# roman nose terriers



## damian83 (Mar 15, 2012)

does anyone breed or know someone who breeds roman nose terriers?

my kids are asking me about getting a puppy but i am not a fan of little dogs.

im more into staffies and roman nose terriers, (my uncles are all piggers).

if anyone knows, let me know......

cheers


----------



## thals (Mar 15, 2012)

Roman Noses are Bull Terriers are they not? The standard bully can be quite a large and powerful dog, males can be upto 60cm tall and as much as 36kg!

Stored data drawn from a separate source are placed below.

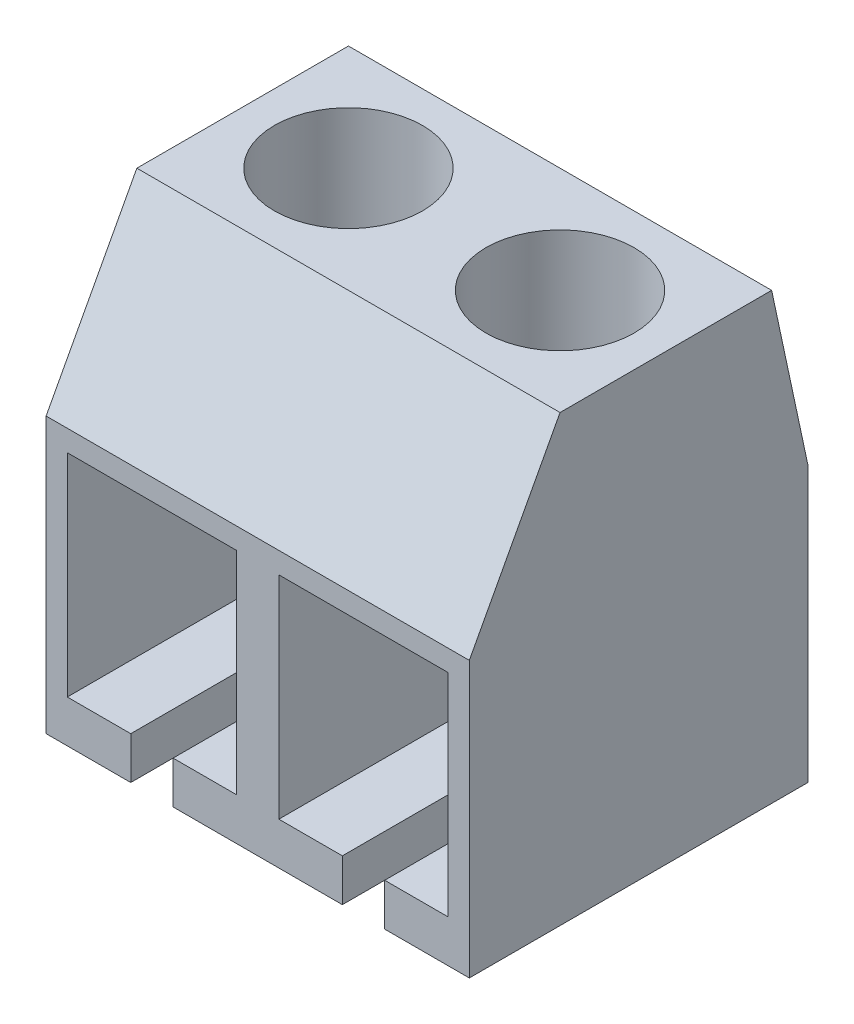
ISO-10303-21;
HEADER;
FILE_DESCRIPTION(('STEP AP214'),'2;1');
FILE_NAME('part.step','',(''),(''),'','','');
FILE_SCHEMA(('AUTOMOTIVE_DESIGN { 1 0 10303 214 1 1 1 1 }'));
ENDSEC;
DATA;
#1=APPLICATION_CONTEXT('core data for automotive mechanical design processes');
#2=APPLICATION_PROTOCOL_DEFINITION('international standard','automotive_design',2000,#1);
#3=PRODUCT_CONTEXT('',#1,'mechanical');
#4=PRODUCT('Part','Part','',(#3));
#5=PRODUCT_RELATED_PRODUCT_CATEGORY('part','',(#4));
#6=PRODUCT_DEFINITION_FORMATION('','',#4);
#7=PRODUCT_DEFINITION_CONTEXT('part definition',#1,'design');
#8=PRODUCT_DEFINITION('design','',#6,#7);
#9=PRODUCT_DEFINITION_SHAPE('','',#8);
#10=(LENGTH_UNIT() NAMED_UNIT(*) SI_UNIT(.MILLI.,.METRE.));
#11=(NAMED_UNIT(*) PLANE_ANGLE_UNIT() SI_UNIT($,.RADIAN.));
#12=(NAMED_UNIT(*) SI_UNIT($,.STERADIAN.) SOLID_ANGLE_UNIT());
#13=UNCERTAINTY_MEASURE_WITH_UNIT(LENGTH_MEASURE(1.E-05),#10,'distance_accuracy_value','');
#14=(GEOMETRIC_REPRESENTATION_CONTEXT(3) GLOBAL_UNCERTAINTY_ASSIGNED_CONTEXT((#13)) GLOBAL_UNIT_ASSIGNED_CONTEXT((#10,
#11,#12)) REPRESENTATION_CONTEXT('',''));
#15=CARTESIAN_POINT('',(0.,0.,0.));
#16=DIRECTION('',(0.,0.,1.));
#17=DIRECTION('',(1.,0.,0.));
#18=AXIS2_PLACEMENT_3D('',#15,#16,#17);
#19=CARTESIAN_POINT('',(-5.,-5.5,4.));
#20=DIRECTION('',(0.,-1.,0.));
#21=DIRECTION('',(0.,0.,-1.));
#22=AXIS2_PLACEMENT_3D('',#19,#20,#21);
#23=PLANE('',#22);
#24=DIRECTION('',(0.,0.,-1.));
#25=VECTOR('',#24,1.);
#26=CARTESIAN_POINT('',(2.,-5.49999999999999,6.));
#27=LINE('',#26,#25);
#28=CARTESIAN_POINT('',(2.,-5.49999999999999,4.));
#29=VERTEX_POINT('',#28);
#30=CARTESIAN_POINT('',(2.,-5.49999999999999,-4.));
#31=VERTEX_POINT('',#30);
#32=EDGE_CURVE('E229',#29,#31,#27,.T.);
#33=ORIENTED_EDGE('',*,*,#32,.F.);
#34=DIRECTION('',(1.,0.,0.));
#35=VECTOR('',#34,1.);
#36=CARTESIAN_POINT('',(-5.,-5.5,4.));
#37=LINE('',#36,#35);
#38=CARTESIAN_POINT('',(-2.,-5.5,4.));
#39=VERTEX_POINT('',#38);
#40=EDGE_CURVE('E314',#39,#29,#37,.T.);
#41=ORIENTED_EDGE('',*,*,#40,.F.);
#42=DIRECTION('',(0.,0.,-1.));
#43=VECTOR('',#42,1.);
#44=CARTESIAN_POINT('',(-2.,-5.49999999999999,6.));
#45=LINE('',#44,#43);
#46=CARTESIAN_POINT('',(-2.,-5.49999999999999,-4.));
#47=VERTEX_POINT('',#46);
#48=EDGE_CURVE('E59',#39,#47,#45,.T.);
#49=ORIENTED_EDGE('',*,*,#48,.T.);
#50=DIRECTION('',(1.,0.,0.));
#51=VECTOR('',#50,1.);
#52=CARTESIAN_POINT('',(-5.,-5.5,-4.));
#53=LINE('',#52,#51);
#54=EDGE_CURVE('E309',#47,#31,#53,.T.);
#55=ORIENTED_EDGE('',*,*,#54,.T.);
#56=EDGE_LOOP('',(#33,#41,#49,#55));
#57=FACE_BOUND('',#56,.T.);
#58=ADVANCED_FACE('F34',(#57),#23,.T.);
#59=DIRECTION('',(0.,0.,-1.));
#60=VECTOR('',#59,1.);
#61=CARTESIAN_POINT('',(-3.,-5.49999999999999,6.));
#62=LINE('',#61,#60);
#63=CARTESIAN_POINT('',(-3.,-5.49999999999999,4.));
#64=VERTEX_POINT('',#63);
#65=CARTESIAN_POINT('',(-3.,-5.49999999999999,-4.));
#66=VERTEX_POINT('',#65);
#67=EDGE_CURVE('E265',#64,#66,#62,.T.);
#68=ORIENTED_EDGE('',*,*,#67,.F.);
#69=CARTESIAN_POINT('',(-5.,-5.5,4.));
#70=VERTEX_POINT('',#69);
#71=EDGE_CURVE('E311',#70,#64,#37,.T.);
#72=ORIENTED_EDGE('',*,*,#71,.F.);
#73=DIRECTION('',(0.,0.,-1.));
#74=VECTOR('',#73,1.);
#75=CARTESIAN_POINT('',(-5.,-5.5,4.));
#76=LINE('',#75,#74);
#77=CARTESIAN_POINT('',(-5.,-5.5,-4.));
#78=VERTEX_POINT('',#77);
#79=EDGE_CURVE('E301',#70,#78,#76,.T.);
#80=ORIENTED_EDGE('',*,*,#79,.T.);
#81=EDGE_CURVE('E305',#78,#66,#53,.T.);
#82=ORIENTED_EDGE('',*,*,#81,.T.);
#83=EDGE_LOOP('',(#68,#72,#80,#82));
#84=FACE_BOUND('',#83,.T.);
#85=ADVANCED_FACE('F389',(#84),#23,.T.);
#86=CARTESIAN_POINT('',(-5.,1.,-4.));
#87=DIRECTION('',(0.,0.,-1.));
#88=DIRECTION('',(-1.,0.,0.));
#89=AXIS2_PLACEMENT_3D('',#86,#87,#88);
#90=PLANE('',#89);
#91=DIRECTION('',(0.,1.,0.));
#92=VECTOR('',#91,1.);
#93=CARTESIAN_POINT('',(2.,-4.5,-4.));
#94=LINE('',#93,#92);
#95=CARTESIAN_POINT('',(2.,-4.5,-4.));
#96=VERTEX_POINT('',#95);
#97=EDGE_CURVE('E208',#31,#96,#94,.T.);
#98=ORIENTED_EDGE('',*,*,#97,.F.);
#99=ORIENTED_EDGE('',*,*,#54,.F.);
#100=DIRECTION('',(0.,-1.,0.));
#101=VECTOR('',#100,1.);
#102=CARTESIAN_POINT('',(-2.,-4.5,-4.));
#103=LINE('',#102,#101);
#104=CARTESIAN_POINT('',(-2.,-4.5,-4.));
#105=VERTEX_POINT('',#104);
#106=EDGE_CURVE('E238',#105,#47,#103,.T.);
#107=ORIENTED_EDGE('',*,*,#106,.F.);
#108=DIRECTION('',(-1.,0.,0.));
#109=VECTOR('',#108,1.);
#110=CARTESIAN_POINT('',(-2.,-4.5,-4.));
#111=LINE('',#110,#109);
#112=CARTESIAN_POINT('',(-0.500000000000001,-4.5,-4.));
#113=VERTEX_POINT('',#112);
#114=EDGE_CURVE('E235',#113,#105,#111,.T.);
#115=ORIENTED_EDGE('',*,*,#114,.F.);
#116=DIRECTION('',(0.,-1.,0.));
#117=VECTOR('',#116,1.);
#118=CARTESIAN_POINT('',(-0.500000000000001,0.500000000000001,-4.));
#119=LINE('',#118,#117);
#120=CARTESIAN_POINT('',(-0.500000000000001,0.500000000000001,-4.));
#121=VERTEX_POINT('',#120);
#122=EDGE_CURVE('E252',#121,#113,#119,.T.);
#123=ORIENTED_EDGE('',*,*,#122,.F.);
#124=DIRECTION('',(1.,0.,0.));
#125=VECTOR('',#124,1.);
#126=CARTESIAN_POINT('',(-4.5,0.500000000000002,-4.));
#127=LINE('',#126,#125);
#128=CARTESIAN_POINT('',(-4.5,0.500000000000002,-4.));
#129=VERTEX_POINT('',#128);
#130=EDGE_CURVE('E249',#129,#121,#127,.T.);
#131=ORIENTED_EDGE('',*,*,#130,.F.);
#132=DIRECTION('',(0.,1.,0.));
#133=VECTOR('',#132,1.);
#134=CARTESIAN_POINT('',(-4.5,0.500000000000002,-4.));
#135=LINE('',#134,#133);
#136=CARTESIAN_POINT('',(-4.5,-4.5,-4.));
#137=VERTEX_POINT('',#136);
#138=EDGE_CURVE('E246',#137,#129,#135,.T.);
#139=ORIENTED_EDGE('',*,*,#138,.F.);
#140=DIRECTION('',(-1.,0.,0.));
#141=VECTOR('',#140,1.);
#142=CARTESIAN_POINT('',(-4.5,-4.5,-4.));
#143=LINE('',#142,#141);
#144=CARTESIAN_POINT('',(-3.,-4.5,-4.));
#145=VERTEX_POINT('',#144);
#146=EDGE_CURVE('E243',#145,#137,#143,.T.);
#147=ORIENTED_EDGE('',*,*,#146,.F.);
#148=DIRECTION('',(0.,1.,0.));
#149=VECTOR('',#148,1.);
#150=CARTESIAN_POINT('',(-3.,-4.5,-4.));
#151=LINE('',#150,#149);
#152=EDGE_CURVE('E240',#66,#145,#151,.T.);
#153=ORIENTED_EDGE('',*,*,#152,.F.);
#154=ORIENTED_EDGE('',*,*,#81,.F.);
#155=DIRECTION('',(0.,1.,0.));
#156=VECTOR('',#155,1.);
#157=CARTESIAN_POINT('',(-5.,1.,-4.));
#158=LINE('',#157,#156);
#159=CARTESIAN_POINT('',(-5.,1.,-4.));
#160=VERTEX_POINT('',#159);
#161=EDGE_CURVE('E286',#78,#160,#158,.T.);
#162=ORIENTED_EDGE('',*,*,#161,.T.);
#163=DIRECTION('',(1.,0.,0.));
#164=VECTOR('',#163,1.);
#165=CARTESIAN_POINT('',(-5.,1.,-4.));
#166=LINE('',#165,#164);
#167=CARTESIAN_POINT('',(5.,1.,-4.));
#168=VERTEX_POINT('',#167);
#169=EDGE_CURVE('E304',#160,#168,#166,.T.);
#170=ORIENTED_EDGE('',*,*,#169,.T.);
#171=DIRECTION('',(0.,1.,0.));
#172=VECTOR('',#171,1.);
#173=CARTESIAN_POINT('',(5.,1.,-4.));
#174=LINE('',#173,#172);
#175=CARTESIAN_POINT('',(5.,-5.5,-4.));
#176=VERTEX_POINT('',#175);
#177=EDGE_CURVE('E222',#176,#168,#174,.T.);
#178=ORIENTED_EDGE('',*,*,#177,.F.);
#179=CARTESIAN_POINT('',(3.,-5.49999999999999,-4.));
#180=VERTEX_POINT('',#179);
#181=EDGE_CURVE('E310',#180,#176,#53,.T.);
#182=ORIENTED_EDGE('',*,*,#181,.F.);
#183=DIRECTION('',(0.,-1.,0.));
#184=VECTOR('',#183,1.);
#185=CARTESIAN_POINT('',(3.,-4.5,-4.));
#186=LINE('',#185,#184);
#187=CARTESIAN_POINT('',(3.,-4.5,-4.));
#188=VERTEX_POINT('',#187);
#189=EDGE_CURVE('E206',#188,#180,#186,.T.);
#190=ORIENTED_EDGE('',*,*,#189,.F.);
#191=DIRECTION('',(-1.,0.,0.));
#192=VECTOR('',#191,1.);
#193=CARTESIAN_POINT('',(4.5,-4.5,-4.));
#194=LINE('',#193,#192);
#195=CARTESIAN_POINT('',(4.5,-4.5,-4.));
#196=VERTEX_POINT('',#195);
#197=EDGE_CURVE('E186',#196,#188,#194,.T.);
#198=ORIENTED_EDGE('',*,*,#197,.F.);
#199=DIRECTION('',(0.,-1.,0.));
#200=VECTOR('',#199,1.);
#201=CARTESIAN_POINT('',(4.5,0.500000000000001,-4.));
#202=LINE('',#201,#200);
#203=CARTESIAN_POINT('',(4.5,0.500000000000001,-4.));
#204=VERTEX_POINT('',#203);
#205=EDGE_CURVE('E195',#204,#196,#202,.T.);
#206=ORIENTED_EDGE('',*,*,#205,.F.);
#207=DIRECTION('',(1.,0.,0.));
#208=VECTOR('',#207,1.);
#209=CARTESIAN_POINT('',(4.5,0.500000000000001,-4.));
#210=LINE('',#209,#208);
#211=CARTESIAN_POINT('',(0.5,0.500000000000001,-4.));
#212=VERTEX_POINT('',#211);
#213=EDGE_CURVE('E192',#212,#204,#210,.T.);
#214=ORIENTED_EDGE('',*,*,#213,.F.);
#215=DIRECTION('',(0.,1.,0.));
#216=VECTOR('',#215,1.);
#217=CARTESIAN_POINT('',(0.5,0.500000000000001,-4.));
#218=LINE('',#217,#216);
#219=CARTESIAN_POINT('',(0.5,-4.5,-4.));
#220=VERTEX_POINT('',#219);
#221=EDGE_CURVE('E217',#220,#212,#218,.T.);
#222=ORIENTED_EDGE('',*,*,#221,.F.);
#223=DIRECTION('',(-1.,0.,0.));
#224=VECTOR('',#223,1.);
#225=CARTESIAN_POINT('',(2.,-4.5,-4.));
#226=LINE('',#225,#224);
#227=EDGE_CURVE('E214',#96,#220,#226,.T.);
#228=ORIENTED_EDGE('',*,*,#227,.F.);
#229=EDGE_LOOP('',(#98,#99,#107,#115,#123,#131,#139,#147,#153,#154,#162,#170,#178,#182,#190,
#198,#206,#214,#222,#228));
#230=FACE_BOUND('',#229,.T.);
#231=ADVANCED_FACE('F36',(#230),#90,.T.);
#232=DIRECTION('',(0.,0.,-1.));
#233=VECTOR('',#232,1.);
#234=CARTESIAN_POINT('',(3.,-5.49999999999999,6.));
#235=LINE('',#234,#233);
#236=CARTESIAN_POINT('',(3.,-5.49999999999999,4.));
#237=VERTEX_POINT('',#236);
#238=EDGE_CURVE('E231',#237,#180,#235,.T.);
#239=ORIENTED_EDGE('',*,*,#238,.T.);
#240=ORIENTED_EDGE('',*,*,#181,.T.);
#241=DIRECTION('',(0.,0.,-1.));
#242=VECTOR('',#241,1.);
#243=CARTESIAN_POINT('',(5.,-5.5,4.));
#244=LINE('',#243,#242);
#245=CARTESIAN_POINT('',(5.,-5.5,4.));
#246=VERTEX_POINT('',#245);
#247=EDGE_CURVE('E283',#246,#176,#244,.T.);
#248=ORIENTED_EDGE('',*,*,#247,.F.);
#249=EDGE_CURVE('E315',#237,#246,#37,.T.);
#250=ORIENTED_EDGE('',*,*,#249,.F.);
#251=EDGE_LOOP('',(#239,#240,#248,#250));
#252=FACE_BOUND('',#251,.T.);
#253=ADVANCED_FACE('F432',(#252),#23,.T.);
#254=CARTESIAN_POINT('',(-5.,1.,4.));
#255=DIRECTION('',(0.,0.,1.));
#256=DIRECTION('',(0.,-1.,0.));
#257=AXIS2_PLACEMENT_3D('',#254,#255,#256);
#258=PLANE('',#257);
#259=DIRECTION('',(0.,-1.,0.));
#260=VECTOR('',#259,1.);
#261=CARTESIAN_POINT('',(2.00000000000001,0.99999999999999,4.));
#262=LINE('',#261,#260);
#263=CARTESIAN_POINT('',(2.,-4.5,4.));
#264=VERTEX_POINT('',#263);
#265=EDGE_CURVE('E11',#264,#29,#262,.T.);
#266=ORIENTED_EDGE('',*,*,#265,.F.);
#267=DIRECTION('',(1.,0.,0.));
#268=VECTOR('',#267,1.);
#269=CARTESIAN_POINT('',(-5.,-4.5,4.));
#270=LINE('',#269,#268);
#271=CARTESIAN_POINT('',(0.5,-4.5,4.));
#272=VERTEX_POINT('',#271);
#273=EDGE_CURVE('E43',#272,#264,#270,.T.);
#274=ORIENTED_EDGE('',*,*,#273,.F.);
#275=DIRECTION('',(0.,-1.,0.));
#276=VECTOR('',#275,1.);
#277=CARTESIAN_POINT('',(0.5,1.,4.));
#278=LINE('',#277,#276);
#279=CARTESIAN_POINT('',(0.5,0.500000000000001,4.));
#280=VERTEX_POINT('',#279);
#281=EDGE_CURVE('E343',#280,#272,#278,.T.);
#282=ORIENTED_EDGE('',*,*,#281,.F.);
#283=DIRECTION('',(-1.,0.,0.));
#284=VECTOR('',#283,1.);
#285=CARTESIAN_POINT('',(-5.,0.500000000000001,4.));
#286=LINE('',#285,#284);
#287=CARTESIAN_POINT('',(4.5,0.500000000000001,4.));
#288=VERTEX_POINT('',#287);
#289=EDGE_CURVE('E341',#288,#280,#286,.T.);
#290=ORIENTED_EDGE('',*,*,#289,.F.);
#291=DIRECTION('',(0.,1.,0.));
#292=VECTOR('',#291,1.);
#293=CARTESIAN_POINT('',(4.5,1.,4.));
#294=LINE('',#293,#292);
#295=CARTESIAN_POINT('',(4.5,-4.5,4.));
#296=VERTEX_POINT('',#295);
#297=EDGE_CURVE('E339',#296,#288,#294,.T.);
#298=ORIENTED_EDGE('',*,*,#297,.F.);
#299=DIRECTION('',(1.,0.,0.));
#300=VECTOR('',#299,1.);
#301=CARTESIAN_POINT('',(-5.,-4.49999999999999,4.));
#302=LINE('',#301,#300);
#303=CARTESIAN_POINT('',(3.,-4.5,4.));
#304=VERTEX_POINT('',#303);
#305=EDGE_CURVE('E189',#304,#296,#302,.T.);
#306=ORIENTED_EDGE('',*,*,#305,.F.);
#307=DIRECTION('',(0.,1.,0.));
#308=VECTOR('',#307,1.);
#309=CARTESIAN_POINT('',(2.99999999999999,1.00000000000001,4.));
#310=LINE('',#309,#308);
#311=EDGE_CURVE('E337',#237,#304,#310,.T.);
#312=ORIENTED_EDGE('',*,*,#311,.F.);
#313=ORIENTED_EDGE('',*,*,#249,.T.);
#314=DIRECTION('',(0.,-1.,0.));
#315=VECTOR('',#314,1.);
#316=CARTESIAN_POINT('',(5.,1.,4.));
#317=LINE('',#316,#315);
#318=CARTESIAN_POINT('',(5.,1.,4.));
#319=VERTEX_POINT('',#318);
#320=EDGE_CURVE('E280',#319,#246,#317,.T.);
#321=ORIENTED_EDGE('',*,*,#320,.F.);
#322=DIRECTION('',(1.,0.,0.));
#323=VECTOR('',#322,1.);
#324=CARTESIAN_POINT('',(-5.,1.,4.));
#325=LINE('',#324,#323);
#326=CARTESIAN_POINT('',(-5.,1.,4.));
#327=VERTEX_POINT('',#326);
#328=EDGE_CURVE('E316',#327,#319,#325,.T.);
#329=ORIENTED_EDGE('',*,*,#328,.F.);
#330=DIRECTION('',(0.,-1.,0.));
#331=VECTOR('',#330,1.);
#332=CARTESIAN_POINT('',(-5.,1.,4.));
#333=LINE('',#332,#331);
#334=EDGE_CURVE('E298',#327,#70,#333,.T.);
#335=ORIENTED_EDGE('',*,*,#334,.T.);
#336=ORIENTED_EDGE('',*,*,#71,.T.);
#337=DIRECTION('',(0.,-1.,0.));
#338=VECTOR('',#337,1.);
#339=CARTESIAN_POINT('',(-3.,1.,4.));
#340=LINE('',#339,#338);
#341=CARTESIAN_POINT('',(-3.,-4.5,4.));
#342=VERTEX_POINT('',#341);
#343=EDGE_CURVE('E334',#342,#64,#340,.T.);
#344=ORIENTED_EDGE('',*,*,#343,.F.);
#345=DIRECTION('',(1.,0.,0.));
#346=VECTOR('',#345,1.);
#347=CARTESIAN_POINT('',(-5.,-4.5,4.));
#348=LINE('',#347,#346);
#349=CARTESIAN_POINT('',(-4.5,-4.5,4.));
#350=VERTEX_POINT('',#349);
#351=EDGE_CURVE('E332',#350,#342,#348,.T.);
#352=ORIENTED_EDGE('',*,*,#351,.F.);
#353=DIRECTION('',(0.,-1.,0.));
#354=VECTOR('',#353,1.);
#355=CARTESIAN_POINT('',(-4.5,1.,4.));
#356=LINE('',#355,#354);
#357=CARTESIAN_POINT('',(-4.5,0.500000000000002,4.));
#358=VERTEX_POINT('',#357);
#359=EDGE_CURVE('E330',#358,#350,#356,.T.);
#360=ORIENTED_EDGE('',*,*,#359,.F.);
#361=DIRECTION('',(-1.,0.,0.));
#362=VECTOR('',#361,1.);
#363=CARTESIAN_POINT('',(-5.,0.500000000000002,4.));
#364=LINE('',#363,#362);
#365=CARTESIAN_POINT('',(-0.500000000000001,0.500000000000001,4.));
#366=VERTEX_POINT('',#365);
#367=EDGE_CURVE('E328',#366,#358,#364,.T.);
#368=ORIENTED_EDGE('',*,*,#367,.F.);
#369=DIRECTION('',(0.,1.,0.));
#370=VECTOR('',#369,1.);
#371=CARTESIAN_POINT('',(-0.5,1.,4.));
#372=LINE('',#371,#370);
#373=CARTESIAN_POINT('',(-0.500000000000001,-4.5,4.));
#374=VERTEX_POINT('',#373);
#375=EDGE_CURVE('E326',#374,#366,#372,.T.);
#376=ORIENTED_EDGE('',*,*,#375,.F.);
#377=DIRECTION('',(1.,0.,0.));
#378=VECTOR('',#377,1.);
#379=CARTESIAN_POINT('',(-5.,-4.5,4.));
#380=LINE('',#379,#378);
#381=CARTESIAN_POINT('',(-2.,-4.5,4.));
#382=VERTEX_POINT('',#381);
#383=EDGE_CURVE('E324',#382,#374,#380,.T.);
#384=ORIENTED_EDGE('',*,*,#383,.F.);
#385=DIRECTION('',(0.,1.,0.));
#386=VECTOR('',#385,1.);
#387=CARTESIAN_POINT('',(-2.00000000000002,1.00000000000001,4.));
#388=LINE('',#387,#386);
#389=EDGE_CURVE('E308',#39,#382,#388,.T.);
#390=ORIENTED_EDGE('',*,*,#389,.F.);
#391=ORIENTED_EDGE('',*,*,#40,.T.);
#392=EDGE_LOOP('',(#266,#274,#282,#290,#298,#306,#312,#313,#321,#329,#335,#336,#344,#352,#360,
#368,#376,#384,#390,#391));
#393=FACE_BOUND('',#392,.T.);
#394=ADVANCED_FACE('F381',(#393),#258,.T.);
#395=CARTESIAN_POINT('',(-5.,1.,4.));
#396=DIRECTION('',(0.,0.472385008762964,0.881392309641975));
#397=DIRECTION('',(0.,-0.881392309641975,0.472385008762964));
#398=AXIS2_PLACEMENT_3D('',#395,#396,#397);
#399=PLANE('',#398);
#400=ORIENTED_EDGE('',*,*,#328,.T.);
#401=DIRECTION('',(0.,-0.881392309641975,0.472385008762964));
#402=VECTOR('',#401,1.);
#403=CARTESIAN_POINT('',(5.,1.,4.));
#404=LINE('',#403,#402);
#405=CARTESIAN_POINT('',(5.,5.,1.8561872909699));
#406=VERTEX_POINT('',#405);
#407=EDGE_CURVE('E277',#406,#319,#404,.T.);
#408=ORIENTED_EDGE('',*,*,#407,.F.);
#409=DIRECTION('',(1.,0.,0.));
#410=VECTOR('',#409,1.);
#411=CARTESIAN_POINT('',(-5.,5.,1.8561872909699));
#412=LINE('',#411,#410);
#413=CARTESIAN_POINT('',(-5.,5.,1.8561872909699));
#414=VERTEX_POINT('',#413);
#415=EDGE_CURVE('E318',#414,#406,#412,.T.);
#416=ORIENTED_EDGE('',*,*,#415,.F.);
#417=DIRECTION('',(0.,-0.881392309641975,0.472385008762964));
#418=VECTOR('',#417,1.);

Plenty of breeders about too, just check the dogzonline site's breed pages and then breeder listings.


----------



## Jay84 (Mar 16, 2012)

There are mini Bull Terriers!


----------



## waruikazi (Mar 16, 2012)

With kids i wouldn't recomend a std bully, their is no weight standard on the breed. If you happen to get a rather large one like i did they can be a quite a handful and play a little too rough with kids. 

The mini's however are meant to be under 15kg. A mate had one that was about 8kg, exact same temperament, shape and thick headed attitude as a std except 1/4 the size lol. I got mine from Maohlmin Kennels in Adelaide, was a grand about 4 years ago. There'sa few other members on the forum with them and i think there may even be a couple of breeders.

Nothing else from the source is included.